Non è soltanto una questione di genere. Femminile nello specifico. È, piuttosto, in Italia, «un ritardo culturale e globale» nei confronti della scienza, e soprattutto dell’insegnamento delle materie scientifiche. Ragazze o ragazzi, non importa. Lucia Votano, 63 anni, fisica nucleare, è dal 2009 il primo direttore donna dei Laboratori Nazionali del Gran Sasso. E con la stessa chiarezza con cui spiega perché i neutrini ci aiutano a capire l’universo, dimostra che la diffidenza nei confronti delle lauree scientifiche nasce ben prima dell’università, ma già sui banchi di scuola, fin da bambini.
Votano, lei parla di ritardo culturale…
«Provo a fare un esempio. Una persona ben istruita si vergognerebbe molto a dover ammettere di non conoscere, mettiamo, Petrarca. Mentre la stessa persona potrebbe con un sorriso affermare di non capire nulla di matematica e fisica, senza sentirsi per questo meno colta.
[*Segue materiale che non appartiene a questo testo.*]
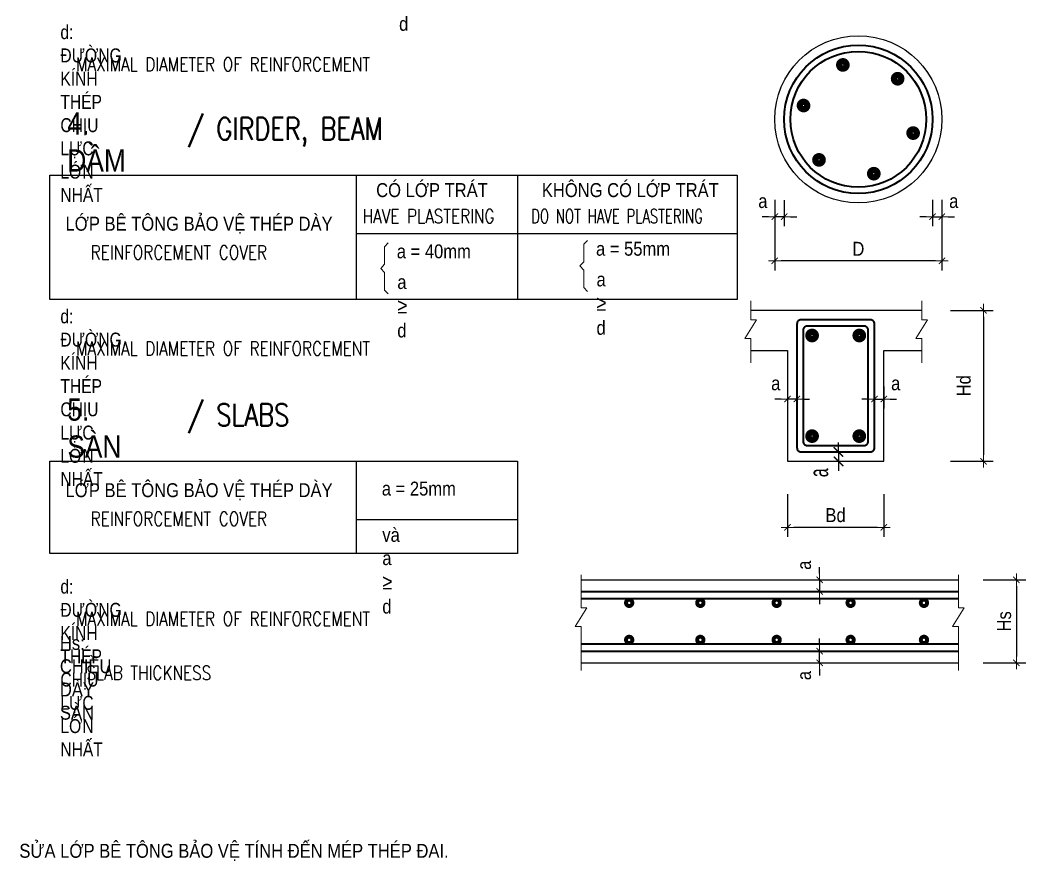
# Model space of a CAD drawing. Header units: millimetres. Extents: x 408913 to 1237273, y -191467 to -86666.
# Drawn here: x 576912 to 592786, y -188873 to -175608 of the extents above; entities that cross this region are included whole.
import ezdxf
from ezdxf.enums import TextEntityAlignment as Align

# ---------------------------------------------------------------- set-up
doc = ezdxf.new("R2010")
doc.units = ezdxf.units.MM
doc.header["$LTSCALE"] = 35
doc.header["$PDMODE"] = 3
for name, color, linetype, lineweight in [('02DIM', 1, 'Continuous', 18), ('03BORDER', 3, 'Continuous', 25), ('NDC_S_DIM', 1, 'Continuous', 9), ('NDC_S_ENG TEXT', 2, 'Continuous', 9), ('NDC_S_REBAR', 4, 'Continuous', 35), ('NDC_S_VN TEXT', 7, 'Continuous', 9)]:
    doc.layers.add(name, color=color, linetype=linetype, lineweight=lineweight)
doc.layers.add('AS-XXXX-ELEV', color=7, linetype='Continuous')
doc.layers.add('DIM', color=1, linetype='Continuous')
doc.styles.add('Arial', font='arial.ttf', dxfattribs={"width": 0.6})
doc.styles.add('NDC_ARIAL', font='arial.ttf', dxfattribs={"width": 0.85})
doc.styles.add('NDC_ROMANS', font='romans.shx', dxfattribs={"width": 0.8})
doc.styles.add('vnsimplex', font='vnsimplex.shx', dxfattribs={"width": 0.65})
doc.dimstyles.new('DIM1-25', dxfattribs={"dimscale": 1.2, "dimtxt": 250, "dimasz": 125, "dimexe": 125, "dimexo": 0.06, "dimgap": 100, "dimtad": 1, "dimdec": 0, "dimzin": 0, "dimdsep": 46, "dimtxsty": 'vnsimplex', "dimblk": 'ARCHTICK', "dimcen": 100, "dimdle": 125, "dimclrd": 256, "dimclre": 256, "dimclrt": 2, "dimadec": 0, "dimazin": 0, "dimtfac": 1, "dimtdec": 0, "dimtix": 1, "dimtmove": 2, "dimatfit": 0, "dimfxl": 1, "dimtolj": 1, "dimtzin": 0, "dimarcsym": 0})
doc.dimstyles.new('NDC_1-100', dxfattribs={"dimscale": 100, "dimtxt": 2.2, "dimasz": 1, "dimexe": 1.5, "dimexo": 2, "dimgap": 0.8, "dimtad": 1, "dimdec": 0, "dimdsep": 46, "dimtxsty": 'NDC_ARIAL', "dimblk": 'DIMMARK', "dimcen": 49999.938995, "dimdle": 1.5, "dimclrd": 1, "dimclre": 1, "dimclrt": 3, "dimadec": 0, "dimazin": 0, "dimtfac": 1, "dimtdec": 0, "dimtix": 1, "dimtmove": 2, "dimatfit": 3, "dimfxl": 1, "dimarcsym": 0})

# ---------------------------------------------------------------- blocks, each defined once
blk = doc.blocks.new('DIMMARK')
at = {"layer": 'NDC_S_DIM', "color": 1}
blk.add_line((-1.5, 0), (1, 0), dxfattribs=at)
at = {"layer": 'NDC_S_DIM', "color": 2, "const_width": 0.15}
blk.add_lwpolyline([(-0.5, -0.5), (0.5, 0.5)], dxfattribs=at)
blk = doc.blocks.new('*D124')
at = {"layer": 'DEFPOINTS', "color": 0, "ltscale": 30, "transparency": 16777216}
for p in [(589025, -181186), (589173, -181186), (589025, -181586)]:
    blk.add_point(p, dxfattribs=at)
at = {"layer": 'DIM', "color": 1, "lineweight": -2, "ltscale": 30, "transparency": 16777216}
for p, q in [((589025, -181386), (589025, -181736)), ((589173, -181386), (589173, -181736)), ((588925, -181586), (588825, -181586)), ((589173, -181586), (589025, -181586)), ((589273, -181586), (589373, -181586))]:
    blk.add_line(p, q, dxfattribs=at)
at = {"layer": 'DIM', "color": 1, "lineweight": -2, "ltscale": 30, "transparency": 16777216, "xscale": 100, "yscale": 100, "zscale": 100}
blk.add_blockref('DIMMARK', (589025, -181586), dxfattribs=at)
at = {"layer": 'DIM', "color": 1, "lineweight": -2, "ltscale": 30, "transparency": 16777216, "xscale": 100, "yscale": 100, "zscale": 100, "rotation": 180}
blk.add_blockref('DIMMARK', (589173, -181586), dxfattribs=at)
at = {"layer": 'DIM', "color": 3, "ltscale": 30, "transparency": 16777216, "insert": (588838, -181340), "char_height": 220, "attachment_point": 5, "style": 'NDC_ARIAL'}
blk.add_mtext('a', dxfattribs=at)
blk = doc.blocks.new('*D125')
at = {"layer": 'DEFPOINTS', "color": 0, "ltscale": 30, "transparency": 16777216}
for p in [(589023, -182886), (590542, -182886), (589023, -183611)]:
    blk.add_point(p, dxfattribs=at)
at = {"layer": 'DIM', "color": 1, "lineweight": -2, "ltscale": 30, "transparency": 16777216}
for p, q in [((589023, -183086), (589023, -183761)), ((590542, -183086), (590542, -183761)), ((590442, -183611), (589123, -183611))]:
    blk.add_line(p, q, dxfattribs=at)
at = {"layer": 'DIM', "color": 1, "lineweight": -2, "ltscale": 30, "transparency": 16777216, "xscale": 100, "yscale": 100, "zscale": 100, "rotation": 180}
blk.add_blockref('DIMMARK', (589023, -183611), dxfattribs=at)
at = {"layer": 'DIM', "color": 1, "lineweight": -2, "ltscale": 30, "transparency": 16777216, "xscale": 100, "yscale": 100, "zscale": 100}
blk.add_blockref('DIMMARK', (590542, -183611), dxfattribs=at)
at = {"layer": 'DIM', "color": 3, "ltscale": 30, "transparency": 16777216, "insert": (589782, -183419), "char_height": 220, "attachment_point": 5, "style": 'NDC_ARIAL'}
blk.add_mtext('Bd', dxfattribs=at)
blk = doc.blocks.new('*D126')
at = {"layer": 'DEFPOINTS', "color": 0, "ltscale": 30, "transparency": 16777216}
for p in [(589017, -185564), (589531, -185564), (589017, -185749)]:
    blk.add_point(p, dxfattribs=at)
at = {"layer": 'DIM', "color": 1, "lineweight": -2, "ltscale": 30, "transparency": 16777216}
for p, q in [((589531, -185464), (589531, -185364)), ((589217, -185564), (589681, -185564)), ((589531, -185749), (589531, -185564)), ((589217, -185749), (589681, -185749)), ((589531, -185849), (589531, -185949))]:
    blk.add_line(p, q, dxfattribs=at)
at = {"layer": 'DIM', "color": 1, "lineweight": -2, "ltscale": 30, "transparency": 16777216, "xscale": 100, "yscale": 100, "zscale": 100}
for p, rotation in [((589531, -185564), 270), ((589531, -185749), 90)]:
    blk.add_blockref('DIMMARK', p, dxfattribs=dict(at, rotation=rotation))
at = {"layer": 'DIM', "color": 3, "ltscale": 30, "transparency": 16777216, "insert": (589286, -185949), "char_height": 220, "attachment_point": 5, "rotation": 90, "style": 'NDC_ARIAL'}
blk.add_mtext('a', dxfattribs=at)
blk = doc.blocks.new('*D127')
at = {"layer": 'DEFPOINTS', "color": 0, "ltscale": 30, "transparency": 16777216}
for p in [(589017, -184439), (589017, -184624), (589531, -184624)]:
    blk.add_point(p, dxfattribs=at)
at = {"layer": 'DIM', "color": 1, "lineweight": -2, "ltscale": 30, "transparency": 16777216}
for p, q in [((589531, -184339), (589531, -184239)), ((589217, -184439), (589681, -184439)), ((589531, -184439), (589531, -184624)), ((589217, -184624), (589681, -184624)), ((589531, -184724), (589531, -184824))]:
    blk.add_line(p, q, dxfattribs=at)
at = {"layer": 'DIM', "color": 1, "lineweight": -2, "ltscale": 30, "transparency": 16777216, "xscale": 100, "yscale": 100, "zscale": 100}
for p, rotation in [((589531, -184439), 270), ((589531, -184624), 90)]:
    blk.add_blockref('DIMMARK', p, dxfattribs=dict(at, rotation=rotation))
at = {"layer": 'DIM', "color": 3, "ltscale": 30, "transparency": 16777216, "insert": (589286, -184208), "char_height": 220, "attachment_point": 5, "rotation": 90, "style": 'NDC_ARIAL'}
blk.add_mtext('a', dxfattribs=at)
blk = doc.blocks.new('*D128')
at = {"layer": 'DEFPOINTS', "color": 0, "ltscale": 30, "transparency": 16777216}
for p in [(591914, -184439), (591914, -185749), (592636, -185749)]:
    blk.add_point(p, dxfattribs=at)
at = {"layer": 'DIM', "color": 1, "lineweight": -2, "ltscale": 30, "transparency": 16777216}
for p, q in [((592114, -184439), (592786, -184439)), ((592636, -184539), (592636, -185649)), ((592114, -185749), (592786, -185749))]:
    blk.add_line(p, q, dxfattribs=at)
at = {"layer": 'DIM', "color": 1, "lineweight": -2, "ltscale": 30, "transparency": 16777216, "xscale": 100, "yscale": 100, "zscale": 100}
for p, rotation in [((592636, -184439), 90), ((592636, -185749), 270)]:
    blk.add_blockref('DIMMARK', p, dxfattribs=dict(at, rotation=rotation))
at = {"layer": 'DIM', "color": 3, "ltscale": 30, "transparency": 16777216, "insert": (592444, -185094), "char_height": 220, "attachment_point": 5, "rotation": 90, "style": 'NDC_ARIAL'}
blk.add_mtext('Hs', dxfattribs=at)
blk = doc.blocks.new('*D129')
at = {"layer": 'DEFPOINTS', "color": 0, "ltscale": 30, "transparency": 16777216}
for p in [(591396, -180187), (591396, -182568), (592118, -182568)]:
    blk.add_point(p, dxfattribs=at)
at = {"layer": 'DIM', "color": 1, "lineweight": -2, "ltscale": 30, "transparency": 16777216}
for p, q in [((591596, -180187), (592268, -180187)), ((592118, -180287), (592118, -182468)), ((591596, -182568), (592268, -182568))]:
    blk.add_line(p, q, dxfattribs=at)
at = {"layer": 'DIM', "color": 1, "lineweight": -2, "ltscale": 30, "transparency": 16777216, "xscale": 100, "yscale": 100, "zscale": 100}
for p, rotation in [((592118, -180187), 90), ((592118, -182568), 270)]:
    blk.add_blockref('DIMMARK', p, dxfattribs=dict(at, rotation=rotation))
at = {"layer": 'DIM', "color": 3, "ltscale": 30, "transparency": 16777216, "insert": (591806, -181377), "char_height": 220, "attachment_point": 5, "rotation": 90, "style": 'NDC_ARIAL'}
blk.add_mtext('Hd', dxfattribs=at)
blk = doc.blocks.new('_ArchTick')
at = {"color": 0, "linetype": 'ByBlock', "const_width": 0.15}
blk.add_lwpolyline([(-0.5, -0.5), (0.5, 0.5)], dxfattribs=at)
blk = doc.blocks.new('*D130')
at = {"layer": '02DIM', "lineweight": -2, "transparency": 16777216}
for p, q in [((589829, -182421), (589829, -182271)), ((589521, -182421), (589979, -182421)), ((589829, -182421), (589829, -182569)), ((589525, -182569), (589979, -182569)), ((589829, -182569), (589829, -182719))]:
    blk.add_line(p, q, dxfattribs=at)
at = {"layer": 'DEFPOINTS', "color": 0, "transparency": 16777216}
for p in [(589521, -182421), (589525, -182569), (589829, -182569)]:
    blk.add_point(p, dxfattribs=at)
at = {"layer": '02DIM', "lineweight": -2, "transparency": 16777216, "xscale": 150, "yscale": 150, "zscale": 150}
for p, rotation in [((589829, -182421), 270), ((589829, -182569), 90)]:
    blk.add_blockref('_ArchTick', p, dxfattribs=dict(at, rotation=rotation))
at = {"layer": '02DIM', "color": 2, "transparency": 16777216, "insert": (589518, -182750), "char_height": 300, "attachment_point": 5, "rotation": 90, "style": 'Arial'}
blk.add_mtext('\\A1;a', dxfattribs=at)
blk = doc.blocks.new('*D132')
at = {"layer": 'DEFPOINTS', "color": 0, "ltscale": 30, "transparency": 16777216}
for p in [(588822, -178245), (591461, -178245), (588822, -179406)]:
    blk.add_point(p, dxfattribs=at)
at = {"layer": 'DIM', "color": 1, "lineweight": -2, "ltscale": 30, "transparency": 16777216}
for p, q in [((588822, -178445), (588822, -179556)), ((591461, -178445), (591461, -179556)), ((591361, -179406), (588922, -179406))]:
    blk.add_line(p, q, dxfattribs=at)
at = {"layer": 'DIM', "color": 1, "lineweight": -2, "ltscale": 30, "transparency": 16777216, "xscale": 100, "yscale": 100, "zscale": 100, "rotation": 180}
blk.add_blockref('DIMMARK', (588822, -179406), dxfattribs=at)
at = {"layer": 'DIM', "color": 1, "lineweight": -2, "ltscale": 30, "transparency": 16777216, "xscale": 100, "yscale": 100, "zscale": 100}
blk.add_blockref('DIMMARK', (591461, -179406), dxfattribs=at)
at = {"layer": 'DIM', "color": 3, "ltscale": 30, "transparency": 16777216, "insert": (590142, -179216), "char_height": 220, "attachment_point": 5, "style": 'NDC_ARIAL'}
blk.add_mtext('D', dxfattribs=at)
blk = doc.blocks.new('*D133')
at = {"layer": 'DEFPOINTS', "color": 0, "ltscale": 30, "transparency": 16777216}
for p in [(588822, -178245), (588970, -178249), (588822, -178710)]:
    blk.add_point(p, dxfattribs=at)
at = {"layer": 'DIM', "color": 1, "lineweight": -2, "ltscale": 30, "transparency": 16777216}
for p, q in [((588822, -178445), (588822, -178860)), ((588970, -178449), (588970, -178860)), ((588722, -178710), (588622, -178710)), ((588970, -178710), (588822, -178710)), ((589070, -178710), (589170, -178710))]:
    blk.add_line(p, q, dxfattribs=at)
at = {"layer": 'DIM', "color": 1, "lineweight": -2, "ltscale": 30, "transparency": 16777216, "xscale": 100, "yscale": 100, "zscale": 100}
blk.add_blockref('DIMMARK', (588822, -178710), dxfattribs=at)
at = {"layer": 'DIM', "color": 1, "lineweight": -2, "ltscale": 30, "transparency": 16777216, "xscale": 100, "yscale": 100, "zscale": 100, "rotation": 180}
blk.add_blockref('DIMMARK', (588970, -178710), dxfattribs=at)
at = {"layer": 'DIM', "color": 3, "ltscale": 30, "transparency": 16777216, "insert": (588635, -178464), "char_height": 220, "attachment_point": 5, "style": 'NDC_ARIAL'}
blk.add_mtext('a', dxfattribs=at)
blk = doc.blocks.new('*D141')
at = {"layer": 'DEFPOINTS', "color": 0, "ltscale": 30, "transparency": 16777216}
for p in [(591313, -178243), (591461, -178245), (591461, -178710)]:
    blk.add_point(p, dxfattribs=at)
at = {"layer": 'DIM', "color": 1, "lineweight": -2, "ltscale": 30, "transparency": 16777216}
for p, q in [((591313, -178443), (591313, -178860)), ((591461, -178445), (591461, -178860)), ((591213, -178710), (591113, -178710)), ((591313, -178710), (591461, -178710)), ((591561, -178710), (591661, -178710))]:
    blk.add_line(p, q, dxfattribs=at)
at = {"layer": 'DIM', "color": 1, "lineweight": -2, "ltscale": 30, "transparency": 16777216, "xscale": 100, "yscale": 100, "zscale": 100}
blk.add_blockref('DIMMARK', (591313, -178710), dxfattribs=at)
at = {"layer": 'DIM', "color": 1, "lineweight": -2, "ltscale": 30, "transparency": 16777216, "xscale": 100, "yscale": 100, "zscale": 100, "rotation": 180}
blk.add_blockref('DIMMARK', (591461, -178710), dxfattribs=at)
at = {"layer": 'DIM', "color": 3, "ltscale": 30, "transparency": 16777216, "insert": (591648, -178464), "char_height": 220, "attachment_point": 5, "style": 'NDC_ARIAL'}
blk.add_mtext('a', dxfattribs=at)
blk = doc.blocks.new('*D156')
at = {"layer": 'DEFPOINTS', "color": 0, "ltscale": 30, "transparency": 16777216}
for p in [(590395, -181186), (590544, -181186), (590544, -181586)]:
    blk.add_point(p, dxfattribs=at)
at = {"layer": 'DIM', "color": 1, "lineweight": -2, "ltscale": 30, "transparency": 16777216}
for p, q in [((590395, -181386), (590395, -181736)), ((590544, -181386), (590544, -181736)), ((590295, -181586), (590195, -181586)), ((590395, -181586), (590544, -181586)), ((590644, -181586), (590744, -181586))]:
    blk.add_line(p, q, dxfattribs=at)
at = {"layer": 'DIM', "color": 1, "lineweight": -2, "ltscale": 30, "transparency": 16777216, "xscale": 100, "yscale": 100, "zscale": 100}
blk.add_blockref('DIMMARK', (590395, -181586), dxfattribs=at)
at = {"layer": 'DIM', "color": 1, "lineweight": -2, "ltscale": 30, "transparency": 16777216, "xscale": 100, "yscale": 100, "zscale": 100, "rotation": 180}
blk.add_blockref('DIMMARK', (590544, -181586), dxfattribs=at)
at = {"layer": 'DIM', "color": 3, "ltscale": 30, "transparency": 16777216, "insert": (590731, -181340), "char_height": 220, "attachment_point": 5, "style": 'NDC_ARIAL'}
blk.add_mtext('a', dxfattribs=at)

msp = doc.modelspace()

# ---------------------------------------------------------------- linework, layer by layer
at = {"layer": '02DIM'}
for points in [[(588447, -181015.7), (588447, -180629.8), (588350.6, -180629.8), (588534.1, -180338.4), (588447, -180338.4), (588447, -180035.5)], [(591144.6, -181015.7), (591144.6, -180629.8), (591048.2, -180629.8), (591231.7, -180338.4), (591144.6, -180338.4), (591144.6, -180035.5)], [(585768.9, -185871.3), (585768.9, -185173.2), (585672.5, -185173.2), (585856, -184881.7), (585768.9, -184881.7), (585768.9, -184361.9)], [(591723.6, -185871.3), (591723.6, -185173.2), (591627.2, -185173.2), (591810.7, -184881.7), (591723.6, -184881.7), (591723.6, -184361.9)]]:
    msp.add_lwpolyline(points, dxfattribs=at)
at = {"layer": '03BORDER'}
for p, q in [((588447, -180823.2), (589024.6, -180823.2)), ((590543.6, -180823.2), (591144.6, -180823.2)), ((585768.9, -184439.1), (591723.6, -184439.1)), ((585768.9, -185749.2), (591723.6, -185749.2))]:
    msp.add_line(p, q, dxfattribs=at)
for points in [[(591144.6, -180187), (588447, -180187)], [(589024.6, -180823.2), (589024.6, -182568.7), (590543.6, -182568.7), (590543.6, -180823.2)]]:
    msp.add_lwpolyline(points, dxfattribs=at)
msp.add_circle((590141.6, -177173.1), 1319.3, dxfattribs=at)
at = {"layer": 'AS-XXXX-ELEV'}
for p, q in [((582215.8, -178053.5), (582215.8, -180016.1)), ((584763, -178053.5), (584763, -180016.1)), ((582215.8, -178973.6), (588230.9, -178973.6)), ((582215.8, -182567.1), (582215.8, -184024)), ((584763, -182567.1), (584763, -184024)), ((582215.8, -183487.3), (584763, -183487.3))]:
    msp.add_line(p, q, dxfattribs=at)
msp.add_lwpolyline([(577382.2, -178053.5), (588230.9, -178053.5), (588230.9, -180016.1), (577382.2, -180016.1)], close=True, dxfattribs=at)
msp.add_lwpolyline([(584763, -184024), (577382.2, -184024), (577382.2, -182567.1), (584763, -182567.1)], dxfattribs=at)
at = {"layer": 'NDC_S_REBAR'}
for p, q in [((585768.9, -184624.4), (591723.6, -184624.4)), ((591723.6, -184736.9), (585768.9, -184736.9)), ((591723.6, -185451.4), (585768.9, -185451.4)), ((585768.9, -185563.9), (591723.6, -185563.9))]:
    msp.add_line(p, q, dxfattribs=at)
at = {"layer": 'NDC_S_REBAR', "const_width": 100}
for points in [[(589868.4, -176365.6, -1), (589926.4, -176265.1, -1)], [(590704.3, -176532.7, -1), (590820.3, -176532.7, -1)], [(589305.6, -177005.9, -1), (589247.6, -176905.5, -1)], [(590977.5, -177340.3, -1), (591035.5, -177440.7, -1)], [(589578.8, -177813.5, -1), (589462.8, -177813.5, -1)], [(590414.8, -177980.6, -1), (590356.7, -178081.1, -1)], [(589353.5, -180584.1, -1), (589469.6, -180584.1, -1)], [(590214.6, -180584.1, 1), (590098.6, -180584.1, 1)], [(589353.5, -182171.5, 1), (589469.6, -182171.5, 1)], [(590214.6, -182171.5, -1), (590098.6, -182171.5, -1)], [(586493.7, -184801.8, 1), (586556.2, -184801.8, 1)], [(587616.8, -184801.8, 1), (587679.3, -184801.8, 1)], [(588821.5, -184801.8, 1), (588884, -184801.8, 1)], [(589988.4, -184801.8, 1), (590050.9, -184801.8, 1)], [(591146.1, -184801.8, 1), (591208.6, -184801.8, 1)], [(586493.7, -185386.5, -1), (586556.2, -185386.5, -1)], [(587616.8, -185386.5, -1), (587679.3, -185386.5, -1)], [(588821.5, -185386.5, -1), (588884, -185386.5, -1)], [(589988.4, -185386.5, -1), (590050.9, -185386.5, -1)], [(591146.1, -185386.5, -1), (591208.6, -185386.5, -1)]]:
    msp.add_lwpolyline(points, format="xyb", close=True, dxfattribs=at)
at = {"layer": 'NDC_S_REBAR'}
for points in [[(589172.7, -180400.5), (589172.7, -182355.1, 0.4142136), (589238.1, -182420.5), (590330, -182420.5, 0.4142136), (590395.4, -182355.1), (590395.4, -180400.5, 0.4142136), (590330, -180335.1), (589238.1, -180335.1, 0.4142136)], [(590296.2, -180499.1, 0.4142136), (590231.4, -180434.3), (589336.7, -180434.3, 0.4142136), (589271.9, -180499.1), (589271.9, -182256.5, 0.4142136), (589336.7, -182321.3), (590231.4, -182321.3, 0.4142136), (590296.2, -182256.5)]]:
    msp.add_lwpolyline(points, format="xyb", close=True, dxfattribs=at)
for radius in [1171.2, 1071.9]:
    msp.add_circle((590141.6, -177173.1), radius, dxfattribs=at)
at = {"layer": 'NDC_S_VN TEXT'}
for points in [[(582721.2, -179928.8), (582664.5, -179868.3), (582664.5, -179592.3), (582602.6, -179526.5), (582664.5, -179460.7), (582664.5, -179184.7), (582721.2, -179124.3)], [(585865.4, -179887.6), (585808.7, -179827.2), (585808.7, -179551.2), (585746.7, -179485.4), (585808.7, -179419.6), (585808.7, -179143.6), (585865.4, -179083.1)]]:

Perché ancora oggi in Italia la Scienza è relegata in un ambito laterale sia dell’insegnamento che della cultura in generale».
Ragazze, ragazzi: i dati segnalano però che il numero delle scienziate è assai inferiore a quello degli scienziati.
«Nel mio settore, quello della fisica nucleare, oggi mi sembra che i numeri si equivalgano, anche qui, nei laboratori del Gran Sasso. E all’università le studentesse di Fisica sono spesso più preparate e brillanti dei maschi. Quindi non è un problema di lauree, semmai di carriere».
Le donne cioè non riescono ad accedere a posizioni di prestigio?
“«Sì, questo però non accade soltanto in ambito scientifico, ma generalmente in tutto il mercato del lavoro. La maggioranza delle donne si ferma in posizioni intermedie, pochissime quelle ai vertici».
Perché?
«La mancanza di aiuti, di servizi, di conciliazione, mette le donne di fronte al bivio, drammatico, di dover scegliere tra il lavoro e la famiglia. E molte abbandonano. In un laboratorio di Fisica Nucleare come in un’azienda o in un ospedale».
Lei come ha fatto?
«Oggi ho un figlio grande ed è tutto più facile. Mio marito però, che purtroppo non c’è più, mi ha sempre sostenuto, ha condiviso le mie scelte. Non è stato facile, è stata dura, e a volte mi chiedo se ho sacrificato troppo un aspetto della vita a favore di un altro. Però si può fare. Ma è fondamentale l’appoggio del partner».
La Commissione Europea ha ritenuto di dover lanciare una campagna per spingere le ragazze più giovani a scegliere materie scientifiche. C’è bisogno di questa alfabetizzazione?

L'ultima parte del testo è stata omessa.